Dr. Mudd was the country doctor that John Wilkes Booth came to after he was injured escaping the scene of the Lincoln Assassination. The doctor that lived here fixed the assassin's leg and let him rest in an upstairs bedroom for several hours before the criminal moved on.
When you are finished with one of the many tours of this Museum, we're heading South along Highway 5 and Highway 235 to Point Lookout State Park.
Point Lookout was the temporary home of roughly 52 thousand Confederate war prisoners during the War. Today, you can engage in tons of recreation here, as well as visit a gift shop and Civil War Museum. This stop concludes this history-based road trip. Any Civil War enthusiasts will enjoy this trip! The drive time is about 4 hours without stops, or 181 miles total.
Maryland boasts some of the coolest structures in New England: covered bridges. Not all of these bridges cover the roadway, and in fact most of them are only accessibly by hiking, biking, and horseback riding. However, these three can be driven through, on winding one-lane roads leading through the wilderness.
We'll start in Thurmont, Maryland. Four minutes outside the city is Roddy Road, where the Roddy Road Covered Bridge lies. Roddy Road is a relatively small covered bridge at only 40 feet long, but you will be able to hear and feel the wooden beams beneath you when you drive over it. This bridge has a clearance of 12 feet, 8 inches.
Our second covered bridge, Loy's Station, is just eight minutes down the road. This bridge still contains many of the original timbers, repurposed for the walls and roof. It's an amazing 90 feet long. You can just imagine what it might have felt like to ride through this on horseback when it was built. The clearance on the Loy's Station covered bridge is 12 feet, 6 inches.
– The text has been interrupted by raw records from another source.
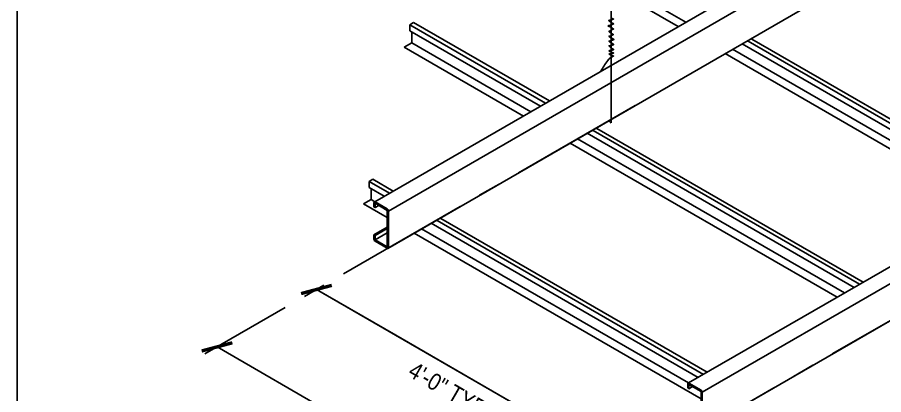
# Model space of a CAD drawing. Header units: inches. Extents: x -16404 to 14624, y -1591 to 16152.
# Drawn here: x -15798.3 to -15682.6, y 1947.1 to 1997.5 of the extents above; entities that cross this region are included whole.
import ezdxf

# ---------------------------------------------------------------- set-up
doc = ezdxf.new("R2010")
doc.units = ezdxf.units.IN
doc.header["$LTSCALE"] = 24
doc.header["$MEASUREMENT"] = 0
doc.linetypes.add('CENTER2', pattern=[1.125, 0.75, -0.125, 0.125, -0.125])
doc.layers.get('0').update_dxf_attribs({"linetype": 'CONTINUOUS'})
for name, color, linetype in [('S-ANNO-DIMS', 2, 'CONTINUOUS'), ('S-ANNO-NOTE', 4, 'CONTINUOUS'), ('S-ARCH', 1, 'CONTINUOUS')]:
    doc.layers.add(name, color=color, linetype=linetype)
doc.layers.add('S-ANNO-GRID-NONPLOT', color=251, linetype='CONTINUOUS', plot=False)
doc.styles.add('Arial', font='arial.ttf', dxfattribs={"width": 0.85})
doc.dimstyles.new('DIM-24', dxfattribs={"dimscale": 24, "dimtxt": 0.09375, "dimasz": 0.109375, "dimexe": 0.0625, "dimexo": 0.0625, "dimgap": 0.0625, "dimtad": 1, "dimdec": 4, "dimzin": 11, "dimdsep": 46, "dimlunit": 4, "dimtxsty": 'Arial', "dimblk": 'ARCHTICK', "dimcen": 0.125, "dimclrd": 256, "dimclre": 256, "dimclrt": 4, "dimadec": 0, "dimazin": 0, "dimtfac": 0.75, "dimtdec": 4, "dimtofl": 0, "dimtmove": 0, "dimatfit": 3, "dimldrblk": 'ARCHTICK', "dimfxl": 1, "dimfrac": 1, "dimtolj": 1, "dimtzin": 11, "dimarcsym": 0})

# ---------------------------------------------------------------- blocks, each defined once
blk = doc.blocks.new('_ARCHTICK')
at = {"color": 0, "linetype": 'ByBlock', "const_width": 0.15}
blk.add_lwpolyline([(-0.5, -0.5), (0.5, 0.5)], dxfattribs=at)

msp = doc.modelspace()

# ---------------------------------------------------------------- linework, layer by layer
at = {"layer": 'S-ANNO-DIMS', "linetype": 'CENTER2'}
for p, q in [((-15715.75461, 1985.71574), (-15773.23349, 1952.53029)), ((-15673.85208, 1961.5233), (-15731.33096, 1928.33785))]:
    msp.add_line(p, q, dxfattribs=at)
at = {"layer": 'S-ANNO-GRID-NONPLOT'}
msp.add_lwpolyline([(-13183.31796, 600), (-15798.26811, 600), (-15798.26811, 2160), (-13183.31796, 2160)], close=True, dxfattribs=at)
at = {"layer": 'S-ARCH'}
for p, q in [((-15708.63765, 1948.65635), (-15514.5118, 2060.73496)), ((-15706.79735, 1947.4231), (-15512.57774, 2059.55584)), ((-15706.9056, 1942.43984), (-15512.57774, 2054.63508)), ((-15743.41457, 2015.53869), (-15710.00684, 1996.25073)), ((-15709.00684, 1996.82808), (-15742.41457, 2016.11604)), ((-15750.54018, 1972.84879), (-15682.7011, 2012.0157)), ((-15748.69988, 1971.61554), (-15682.7011, 2009.71995)), ((-15748.80813, 1966.63228), (-15682.7011, 2004.7992)), ((-15745.85594, 1996.49593), (-15745.35594, 1996.7846)), ((-15745.85594, 1995.68343), (-15745.85594, 1996.49593)), ((-15727.71904, 1986.02458), (-15745.85594, 1996.49593)), ((-15727.21904, 1986.31326), (-15745.35594, 1996.7846)), ((-15728.42268, 1985.61833), (-15745.85594, 1995.68343)), ((-15745.60594, 1994.07328), (-15745.60594, 1995.53909)), ((-15664.63123, 1974.06347), (-15700.18882, 1994.59266)), ((-15746.60594, 1993.49593), (-15745.60594, 1994.07328)), ((-15746.60594, 1993.49593), (-15730.69211, 1984.30808)), ((-15729.69211, 1984.88543), (-15745.60594, 1994.07328)), ((-15665.83487, 1973.36854), (-15701.48773, 1993.95273)), ((-15665.13123, 1973.77479), (-15700.68882, 1994.30398)), ((-15703.75716, 1992.64247), (-15668.1043, 1972.05829)), ((-15667.1043, 1972.63564), (-15702.75716, 1993.21982)), ((-15686.52015, 1961.42589), (-15722.17301, 1982.01008)), ((-15685.81651, 1961.83214), (-15721.3741, 1982.36133)), ((-15685.31651, 1962.12082), (-15720.8741, 1982.65001)), ((-15687.78958, 1960.69299), (-15723.44244, 1981.27717)), ((-15724.44244, 1980.69982), (-15688.78958, 1960.11564)), ((-15751.28674, 1975.57091), (-15750.78674, 1975.85958)), ((-15751.28674, 1974.75841), (-15751.28674, 1975.57091)), ((-15748.55604, 1973.99433), (-15751.28674, 1975.57091)), ((-15748.05604, 1974.28301), (-15750.78674, 1975.85958)), ((-15749.25968, 1973.58808), (-15751.28674, 1974.75841)), ((-15751.03674, 1973.14826), (-15751.03674, 1974.61407)), ((-15752.03674, 1972.57091), (-15751.03674, 1973.14826)), ((-15750.52912, 1972.85518), (-15751.03674, 1973.14826)), ((-15752.03674, 1972.57091), (-15748.86226, 1970.73812)), ((-15750.48606, 1972.08429), (-15749.99892, 1972.36554)), ((-15706.65351, 1949.8019), (-15742.2111, 1970.33108)), ((-15706.15351, 1950.09057), (-15741.7111, 1970.61976)), ((-15750.64844, 1968.42804), (-15748.86226, 1969.45929)), ((-15750.48606, 1968.33429), (-15748.86226, 1969.27179)), ((-15708.62658, 1948.66274), (-15744.27944, 1969.24693)), ((-15707.35715, 1949.39565), (-15743.01001, 1969.97983)), ((-15750.48606, 1967.77179), (-15748.86226, 1968.70929)), ((-15745.27944, 1968.66957), (-15706.95972, 1946.54568)), ((-15708.58352, 1947.89185), (-15708.09638, 1948.1731))]:
    msp.add_line(p, q, dxfattribs=at)
at = {"layer": 'S-ARCH', "color": 2}
msp.add_line((-15718.98462, 1983.37922), (-15718.98462, 2014.43092), dxfattribs=at)
msp.add_lwpolyline([(-15719.40036, 1991.70281), (-15719.40036, 1991.72809), (-15719.37508, 1991.72809), (-15719.37508, 1991.77864), (-15719.34979, 1991.77864), (-15719.34979, 1991.85446), (-15719.29923, 1991.85446), (-15719.29923, 1991.90501), (-15719.24867, 1991.90501), (-15719.24867, 1991.93029), (-15719.19811, 1991.93029), (-15719.19811, 1991.95556), (-15719.17283, 1991.95556), (-15719.17283, 1992.00611), (-15719.14755, 1992.00611), (-15719.14755, 1992.03139), (-15719.12226, 1992.03139), (-15719.12226, 1992.05666), (-15719.09698, 1992.05666), (-15719.09698, 1992.08194), (-15719.0717, 1992.08194), (-15719.0717, 1992.10721), (-15719.04642, 1992.10721), (-15719.04642, 1992.13249), (-15718.99586, 1992.13249), (-15718.99586, 1992.15776), (-15718.97058, 1992.15776), (-15718.97058, 1992.18304), (-15718.92002, 1992.18304), (-15718.92002, 1992.20831), (-15718.86945, 1992.20831), (-15718.86945, 1992.23359), (-15718.79361, 1992.23359), (-15718.79361, 1992.25887), (-15718.74305, 1992.25887), (-15718.74305, 1992.28414), (-15718.66721, 1992.28414), (-15718.66721, 1992.30941), (-15718.64192, 1992.30941), (-15718.69249, 1992.30941), (-15718.69249, 1992.33469), (-15718.74305, 1992.33469), (-15718.74305, 1992.35997), (-15718.79361, 1992.35997), (-15718.79361, 1992.38524), (-15718.84417, 1992.38524), (-15718.84417, 1992.41051), (-15718.9453, 1992.41051), (-15718.9453, 1992.43579), (-15718.97058, 1992.43579), (-15718.97058, 1992.46107), (-15719.04642, 1992.46107), (-15719.04642, 1992.48634), (-15719.09698, 1992.48634), (-15719.09698, 1992.51162), (-15719.17283, 1992.51162), (-15719.17283, 1992.53689), (-15719.19811, 1992.53689), (-15719.19811, 1992.56217), (-15719.22339, 1992.56217), (-15719.22339, 1992.58744), (-15719.24867, 1992.58744), (-15719.14755, 1992.58744), (-15719.14755, 1992.61272), (-15719.02114, 1992.61272), (-15719.02114, 1992.63799), (-15718.86945, 1992.63799), (-15718.86945, 1992.66327), (-15718.79361, 1992.66327), (-15718.79361, 1992.68854), (-15718.66721, 1992.68854), (-15718.66721, 1992.71382), (-15718.64192, 1992.71382), (-15718.64192, 1992.73909), (-15718.74305, 1992.73909), (-15718.74305, 1992.76437), (-15718.81889, 1992.76437), (-15718.81889, 1992.78964), (-15718.84417, 1992.78964), (-15718.84417, 1992.81492), (-15718.99586, 1992.81492), (-15718.99586, 1992.89074), (-15719.0717, 1992.89074), (-15719.0717, 1992.91602), (-15719.12226, 1992.91602), (-15719.12226, 1992.94129), (-15719.17283, 1992.94129), (-15719.17283, 1992.96657), (-15719.19811, 1992.96657), (-15719.19811, 1992.99184), (-15719.24867, 1992.99184), (-15719.24867, 1993.01712), (-15719.19811, 1993.01712), (-15719.19811, 1993.04239), (-15719.09698, 1993.04239), (-15719.09698, 1993.06767), (-15719.04642, 1993.06767), (-15719.04642, 1993.09294), (-15718.79361, 1993.09294), (-15718.79361, 1993.1435), (-15718.66721, 1993.1435), (-15718.66721, 1993.16877), (-15718.61664, 1993.16877), (-15718.61664, 1993.19404), (-15718.66721, 1993.19404), (-15718.66721, 1993.21932), (-15718.71777, 1993.21932), (-15718.71777, 1993.2446), (-15718.74305, 1993.2446), (-15718.74305, 1993.26987), (-15718.81889, 1993.26987), (-15718.81889, 1993.29515), (-15718.84417, 1993.29515), (-15718.84417, 1993.32042), (-15718.89473, 1993.32042), (-15718.89473, 1993.3457), (-15718.92002, 1993.3457), (-15718.92002, 1993.37097), (-15718.9453, 1993.37097), (-15718.9453, 1993.39625), (-15718.99586, 1993.39625), (-15718.99586, 1993.4468), (-15719.04642, 1993.4468), (-15719.04642, 1993.47207), (-15719.0717, 1993.47207), (-15719.0717, 1993.49735), (-15719.09698, 1993.49735), (-15719.09698, 1993.5479), (-15719.14755, 1993.5479), (-15719.14755, 1993.57317), (-15719.17283, 1993.57317), (-15719.17283, 1993.59845), (-15719.19811, 1993.59845), (-15719.19811, 1993.649), (-15719.22339, 1993.649), (-15719.22339, 1993.67427), (-15719.24867, 1993.67427), (-15719.24867, 1993.69955), (-15718.99586, 1993.69955), (-15718.99586, 1993.72482), (-15718.9453, 1993.72482), (-15718.9453, 1993.7501), (-15718.84417, 1993.7501), (-15718.84417, 1993.77537), (-15718.79361, 1993.77537), (-15718.79361, 1993.80065), (-15718.71777, 1993.80065), (-15718.71777, 1993.82592), (-15718.64192, 1993.82592), (-15718.64192, 1993.8512), (-15718.61664, 1993.8512), (-15718.64192, 1993.8512), (-15718.64192, 1993.87647), (-15718.66721, 1993.87647), (-15718.66721, 1993.90175), (-15718.69249, 1993.90175), (-15718.69249, 1993.92703), (-15718.74305, 1993.92703), (-15718.74305, 1993.9523), (-15718.79361, 1993.9523), (-15718.79361, 1994.00285), (-15718.84417, 1994.00285), (-15718.84417, 1994.02813), (-15718.92002, 1994.02813), (-15718.92002, 1994.07867), (-15718.99586, 1994.07867), (-15718.99586, 1994.10395), (-15719.02114, 1994.10395), (-15719.02114, 1994.12923), (-15719.0717, 1994.12923), (-15719.0717, 1994.17978), (-15719.14755, 1994.17978), (-15719.14755, 1994.23033), (-15719.19811, 1994.23033), (-15719.19811, 1994.28088), (-15719.24867, 1994.28088), (-15719.24867, 1994.30615), (-15719.14755, 1994.30615), (-15719.14755, 1994.33143), (-15719.09698, 1994.33143), (-15719.09698, 1994.3567), (-15718.99586, 1994.3567), (-15718.99586, 1994.38198), (-15718.9453, 1994.38198), (-15718.9453, 1994.40725), (-15718.89473, 1994.40725), (-15718.89473, 1994.43253), (-15718.84417, 1994.43253), (-15718.84417, 1994.4578), (-15718.74305, 1994.4578), (-15718.74305, 1994.48308), (-15718.66721, 1994.48308), (-15718.66721, 1994.50835), (-15718.64192, 1994.50835), (-15718.64192, 1994.53363), (-15718.56608, 1994.53363), (-15718.59136, 1994.53363), (-15718.59136, 1994.5589), (-15718.64192, 1994.5589), (-15718.64192, 1994.58418), (-15718.71777, 1994.58418), (-15718.71777, 1994.60945), (-15718.74305, 1994.60945), (-15718.74305, 1994.63473), (-15718.79361, 1994.63473), (-15718.79361, 1994.66), (-15718.84417, 1994.66), (-15718.84417, 1994.71055), (-15718.89473, 1994.71055), (-15718.89473, 1994.73583), (-15718.9453, 1994.73583), (-15718.9453, 1994.7611), (-15719.02114, 1994.7611), (-15719.02114, 1994.78638), (-15719.04642, 1994.78638), (-15719.04642, 1994.81166), (-15719.09698, 1994.81166), (-15719.09698, 1994.83693), (-15719.12226, 1994.83693), (-15719.12226, 1994.8622), (-15719.19811, 1994.8622), (-15719.19811, 1994.91276), (-15719.22339, 1994.91276), (-15719.22339, 1994.93803), (-15719.24867, 1994.93803), (-15719.24867, 1994.96331), (-15719.27395, 1994.96331), (-15719.27395, 1994.98858), (-15718.99586, 1994.98858), (-15718.99586, 1995.01386), (-15718.97058, 1995.01386), (-15718.97058, 1995.03913), (-15718.92002, 1995.03913), (-15718.92002, 1995.06441), (-15718.89473, 1995.06441), (-15718.89473, 1995.08968), (-15718.84417, 1995.08968), (-15718.84417, 1995.11496), (-15718.79361, 1995.11496), (-15718.79361, 1995.14023), (-15718.76833, 1995.14023), (-15718.76833, 1995.16551), (-15718.69249, 1995.16551), (-15718.69249, 1995.21606), (-15718.76833, 1995.21606), (-15718.76833, 1995.24133), (-15718.79361, 1995.24133), (-15718.79361, 1995.26661), (-15718.86945, 1995.26661), (-15718.86945, 1995.29188), (-15718.89473, 1995.29188), (-15718.89473, 1995.31716), (-15718.9453, 1995.31716), (-15718.9453, 1995.36771), (-15718.99586, 1995.36771), (-15718.99586, 1995.39298), (-15719.02114, 1995.39298), (-15719.02114, 1995.41826), (-15719.04642, 1995.41826), (-15719.04642, 1995.44353), (-15719.09698, 1995.44353), (-15719.09698, 1995.46881), (-15719.12226, 1995.46881), (-15719.12226, 1995.49408), (-15719.17283, 1995.49408), (-15719.17283, 1995.51936), (-15719.19811, 1995.51936), (-15719.19811, 1995.56991), (-15719.24867, 1995.56991), (-15719.24867, 1995.62046), (-15719.27395, 1995.62046), (-15719.19811, 1995.62046), (-15719.19811, 1995.64574), (-15719.12226, 1995.64574), (-15719.12226, 1995.67101), (-15719.09698, 1995.67101), (-15719.09698, 1995.69629), (-15719.04642, 1995.69629), (-15719.04642, 1995.72156), (-15718.99586, 1995.72156), (-15718.99586, 1995.74684), (-15718.9453, 1995.74684), (-15718.9453, 1995.77211), (-15718.92002, 1995.77211), (-15718.92002, 1995.79739), (-15718.89473, 1995.79739), (-15718.89473, 1995.82266), (-15718.84417, 1995.82266), (-15718.84417, 1995.84794), (-15718.79361, 1995.84794), (-15718.79361, 1995.87321), (-15718.76833, 1995.87321), (-15718.76833, 1995.89849), (-15718.69249, 1995.89849), (-15718.69249, 1995.92376), (-15718.64192, 1995.92376), (-15718.66721, 1995.92376), (-15718.66721, 1995.94904), (-15718.74305, 1995.94904), (-15718.74305, 1995.99959), (-15718.79361, 1995.99959), (-15718.79361, 1996.02486), (-15718.81889, 1996.02486), (-15718.81889, 1996.07541), (-15718.89473, 1996.07541), (-15718.89473, 1996.10069), (-15718.9453, 1996.10069), (-15718.9453, 1996.12596), (-15718.99586, 1996.12596), (-15718.99586, 1996.17651), (-15719.0717, 1996.17651), (-15719.0717, 1996.20179), (-15719.12226, 1996.20179), (-15719.12226, 1996.22707), (-15719.14755, 1996.22707), (-15719.14755, 1996.25234), (-15719.19811, 1996.25234), (-15719.19811, 1996.27761), (-15719.27395, 1996.27761), (-15719.27395, 1996.30289), (-15719.34979, 1996.30289), (-15719.34979, 1996.35344), (-15719.29923, 1996.35344), (-15719.29923, 1996.37871), (-15719.09698, 1996.37871), (-15719.09698, 1996.45454), (-15719.04642, 1996.45454), (-15719.04642, 1996.47982), (-15719.02114, 1996.47982), (-15719.02114, 1996.50509), (-15718.89473, 1996.50509), (-15718.89473, 1996.53037), (-15718.79361, 1996.53037), (-15718.79361, 1996.55564), (-15718.71777, 1996.55564), (-15718.71777, 1996.58092), (-15718.69249, 1996.58092), (-15718.69249, 1996.60619), (-15718.61664, 1996.60619), (-15718.61664, 1996.63147), (-15718.69249, 1996.63147), (-15718.69249, 1996.68202), (-15718.76833, 1996.68202), (-15718.76833, 1996.70729), (-15718.81889, 1996.70729), (-15718.81889, 1996.73257), (-15718.86945, 1996.73257), (-15718.86945, 1996.78312), (-15718.92002, 1996.78312), (-15718.92002, 1996.80839), (-15718.99586, 1996.80839), (-15718.99586, 1996.83367), (-15719.02114, 1996.83367), (-15719.02114, 1996.85894), (-15719.0717, 1996.85894), (-15719.0717, 1996.88422), (-15719.09698, 1996.88422), (-15719.09698, 1996.90949), (-15719.14755, 1996.90949), (-15719.14755, 1996.96004), (-15719.19811, 1996.96004), (-15719.19811, 1996.98532), (-15719.24867, 1996.98532), (-15719.24867, 1997.01059), (-15719.27395, 1997.01059), (-15719.27395, 1997.06114), (-15719.29923, 1997.06114), (-15719.19811, 1997.06114), (-15719.19811, 1997.08642), (-15719.04642, 1997.08642), (-15719.04642, 1997.1117), (-15719.02114, 1997.1117), (-15719.02114, 1997.13697), (-15718.97058, 1997.13697), (-15718.97058, 1997.16224), (-15718.89473, 1997.16224), (-15718.89473, 1997.18752), (-15718.76833, 1997.18752), (-15718.76833, 1997.2128), (-15718.74305, 1997.2128), (-15718.74305, 1997.23807), (-15718.66721, 1997.23807), (-15718.66721, 1997.26335), (-15718.64192, 1997.26335), (-15718.71777, 1997.26335), (-15718.71777, 1997.28862), (-15718.76833, 1997.28862), (-15718.76833, 1997.3139), (-15718.81889, 1997.3139), (-15718.81889, 1997.33917), (-15718.97058, 1997.33917), (-15718.97058, 1997.415), (-15718.98462, 1997.415)], dxfattribs=at)
at = {"layer": 'S-ARCH'}
for points in [[(-15748.69988, 1971.61554, 0.267949192), (-15748.86226, 1971.89679), (-15750.48606, 1972.83429, 0.577350269), (-15750.64844, 1972.74054), (-15750.64844, 1972.17804), (-15750.48606, 1972.08429), (-15750.48606, 1972.64679), (-15748.86226, 1971.70929), (-15748.86226, 1966.83429), (-15750.48606, 1967.77179), (-15750.48606, 1968.33429), (-15750.64844, 1968.42804), (-15750.64844, 1967.86554, 0.267949192), (-15750.48606, 1967.58429), (-15748.86226, 1966.64679, 0.577350269), (-15748.69988, 1966.74054)], [(-15706.79735, 1947.4231, 0.267949192), (-15706.95972, 1947.70435), (-15708.58352, 1948.64185, 0.577350269), (-15708.7459, 1948.5481), (-15708.7459, 1947.9856), (-15708.58352, 1947.89185), (-15708.58352, 1948.45435), (-15706.95972, 1947.51685), (-15706.95972, 1942.64185), (-15708.58352, 1943.57935), (-15708.58352, 1944.14185), (-15708.7459, 1944.2356), (-15708.7459, 1943.6731, 0.267949192), (-15708.58352, 1943.39185), (-15706.95972, 1942.45435, 0.577350269), (-15706.79735, 1942.5481)]]:
    msp.add_lwpolyline(points, format="xyb", close=True, dxfattribs=at)
at = {"layer": 'S-ARCH', "color": 2}
for start, end in [(138.3695675, 154.760563), (223.2674935, 227.3491561)]:
    msp.add_arc((-15714.95591, 1987.75262), 5.94619, start, end, dxfattribs=at)

# ---------------------------------------------------------------- texts
at = {"layer": 'S-ANNO-NOTE', "insert": (-15745.12703, 1951.60571), "char_height": 2.25, "width": 36.0055858, "attachment_point": 1, "rotation": 330, "style": 'Arial'}
msp.add_mtext('4\'-0" TYP', dxfattribs=at)

# ---------------------------------------------------------------- leaders
at = {"layer": 'S-ANNO-DIMS'}
for points in [[(-15758.32348, 1961.1386), (-15727.0033, 1943.05589), (-15716.42094, 1936.94616)], [(-15716.42094, 1936.94616), (-15747.74111, 1955.02887), (-15758.32348, 1961.1386)], [(-15771.6005, 1953.4731), (-15657.40445, 1887.54199), (-15646.82209, 1881.43226)]]:
    msp.add_leader(points, dimstyle='DIM-24', override={"dimasz": 0.125}, dxfattribs=at)

doc.saveas('drawing.dxf')

The Utica Covered bridge completes this local triad. This is the longest bridge so far, at 100 feet long. It has a similar construction as the other bridges and is painted the same shade of firehouse red. Your vehicle has to be shorter than 9 feet, 6 inches to pass under this bridge safely. Our last bridge, Jericho, is an hour and a half away. It's a scenic drive that takes you through lanes of fir trees and skims just the top of Baltimore, Maryland. It's worth a stop if you're willing to take a detour before heading back up to see Jericho.
This bridge has an entirely different construction. This truss-based bridge is wider than the others and is said to be haunted by the ghosts of Civil War soldiers, to add flavor. This bridge is 88 feet long, and looks nothing like the first bridges you drove through. It’s darker, due to the lack of windows across the top of the outside walls. Make sure you turn your headlights on!
This shorter trip only showcases the few bridges you can drive through on a roadway. There are many, many more that you can only access without a car, such as the Foxcatcher Farms authentic bridge to the east. If that’s what you're into and you want more covered bridges, make sure to check it out! This trip spans 97 miles and has a drive time of almost two hours.
There is a wealth of history and industry in Maryland. This is just a taste of what is available to go and see in this small state. You can drive from one end of the state to the other in just three hours, so even day trippers will enjoy visiting the Old Line State.